— PROVIDED DATA —
▼
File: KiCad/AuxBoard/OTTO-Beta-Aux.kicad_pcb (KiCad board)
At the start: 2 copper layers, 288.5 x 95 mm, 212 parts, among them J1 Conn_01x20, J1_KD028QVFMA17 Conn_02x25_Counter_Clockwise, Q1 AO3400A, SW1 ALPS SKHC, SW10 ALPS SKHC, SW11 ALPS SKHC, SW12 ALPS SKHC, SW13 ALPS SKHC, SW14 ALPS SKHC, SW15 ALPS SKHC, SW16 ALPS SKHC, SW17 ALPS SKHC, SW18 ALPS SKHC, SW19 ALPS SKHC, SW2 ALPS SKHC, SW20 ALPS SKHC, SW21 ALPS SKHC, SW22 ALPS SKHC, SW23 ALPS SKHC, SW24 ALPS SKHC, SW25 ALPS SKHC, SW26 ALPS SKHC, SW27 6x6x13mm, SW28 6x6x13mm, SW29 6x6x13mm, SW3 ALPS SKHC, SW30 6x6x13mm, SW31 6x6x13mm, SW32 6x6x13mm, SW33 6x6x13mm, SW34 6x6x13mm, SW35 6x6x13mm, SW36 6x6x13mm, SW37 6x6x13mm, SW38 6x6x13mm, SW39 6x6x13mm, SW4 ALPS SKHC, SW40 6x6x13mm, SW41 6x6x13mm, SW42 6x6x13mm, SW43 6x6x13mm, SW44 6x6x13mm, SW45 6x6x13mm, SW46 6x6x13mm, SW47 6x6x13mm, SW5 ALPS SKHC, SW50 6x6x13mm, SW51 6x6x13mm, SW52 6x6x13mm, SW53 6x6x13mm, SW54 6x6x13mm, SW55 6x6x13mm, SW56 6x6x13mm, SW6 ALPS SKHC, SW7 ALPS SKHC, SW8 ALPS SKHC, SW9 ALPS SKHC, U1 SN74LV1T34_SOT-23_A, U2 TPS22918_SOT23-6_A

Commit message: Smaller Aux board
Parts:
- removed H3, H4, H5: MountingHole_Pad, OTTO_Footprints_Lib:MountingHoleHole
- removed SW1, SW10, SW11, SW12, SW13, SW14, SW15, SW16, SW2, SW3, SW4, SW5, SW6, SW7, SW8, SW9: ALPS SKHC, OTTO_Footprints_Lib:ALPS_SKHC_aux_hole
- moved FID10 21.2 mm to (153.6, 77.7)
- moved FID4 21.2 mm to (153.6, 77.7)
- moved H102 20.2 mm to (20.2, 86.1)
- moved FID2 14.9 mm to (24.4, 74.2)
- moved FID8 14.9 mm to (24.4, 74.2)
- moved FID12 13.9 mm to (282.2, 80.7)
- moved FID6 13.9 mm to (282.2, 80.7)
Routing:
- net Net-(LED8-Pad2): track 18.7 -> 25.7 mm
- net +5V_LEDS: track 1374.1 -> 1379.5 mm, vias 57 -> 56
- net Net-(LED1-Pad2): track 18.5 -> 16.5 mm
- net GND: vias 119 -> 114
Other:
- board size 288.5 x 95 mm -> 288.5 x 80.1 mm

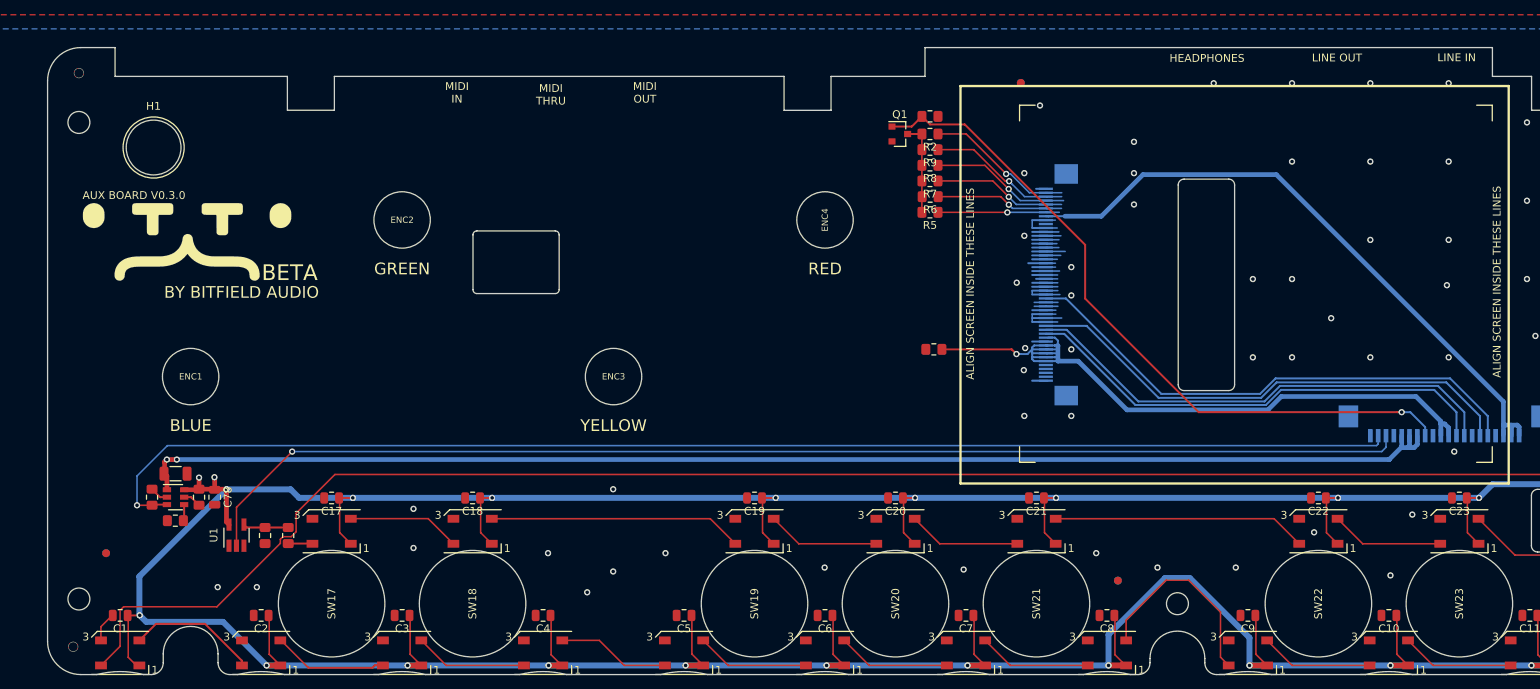
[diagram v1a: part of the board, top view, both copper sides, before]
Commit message: Aux v0.3.0
Small adjustments to PCB outline
switch to WS2812C LEDs
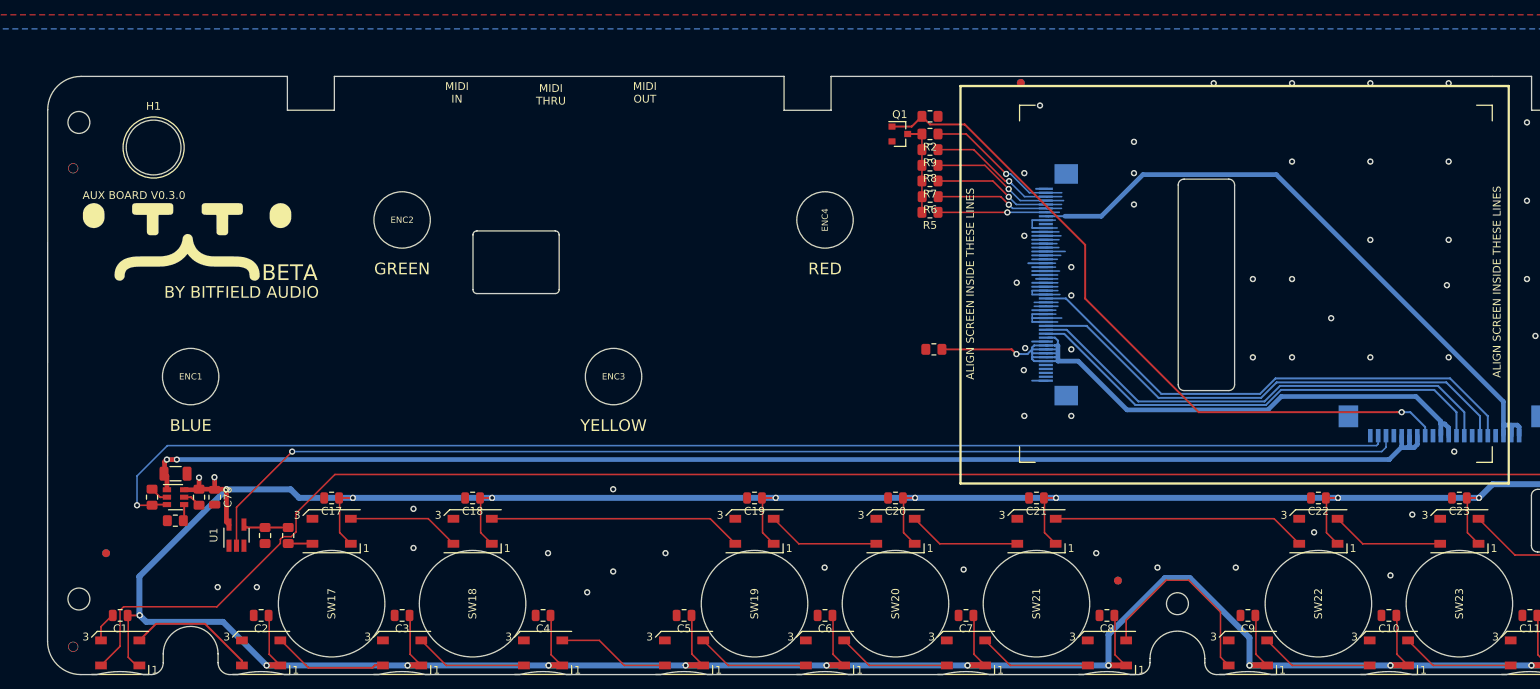
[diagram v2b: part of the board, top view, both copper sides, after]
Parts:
- ENC1, ENC2, ENC3, ENC4: value ALPS EC11E183440C -> ALPS EC11 HOLE
- LED1, LED10, LED11, LED12, LED13, LED14, LED15, LED16, LED17, LED18, LED19, LED2, LED20, LED21, LED22, LED23, LED24, LED25, LED26, LED27, LED28, LED29, LED3, LED30, LED31, LED32, LED33, LED34, LED35, LED36, LED37, LED38, LED39, LED4, LED40, LED41, LED42, LED43, LED44, LED45, LED46, LED47, LED48, LED49, LED5, LED50, LED51, LED52, LED53, LED54, LED6, LED7, LED8, LED9: value WS2812B -> WS2812C
- SW17, SW18, SW19, SW20, SW21, SW22, SW23, SW24, SW25, SW26: value ALPS SKHC -> ALPS SKHC Hole
- SW27, SW28, SW29, SW30, SW31, SW32, SW33, SW34, SW35, SW36, SW37, SW38, SW39, SW40, SW41, SW42, SW43, SW44, SW45, SW46, SW47, SW50, SW51, SW52, SW53, SW54, SW55, SW56: value 6x6x13mm -> 6x6x13mm Hole
- moved H101 12.2 mm to (20.2, 25.0)
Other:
- outline, holes or cut-outs redrawn
- board text removed: "HEADPHONES"
- board text removed: "LINE IN"
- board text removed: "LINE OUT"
▲
Copy every line of the records above that contains "track".

- net Net-(LED8-Pad2): track 18.7 -> 25.7 mm
- net +5V_LEDS: track 1374.1 -> 1379.5 mm, vias 57 -> 56
- net Net-(LED1-Pad2): track 18.5 -> 16.5 mm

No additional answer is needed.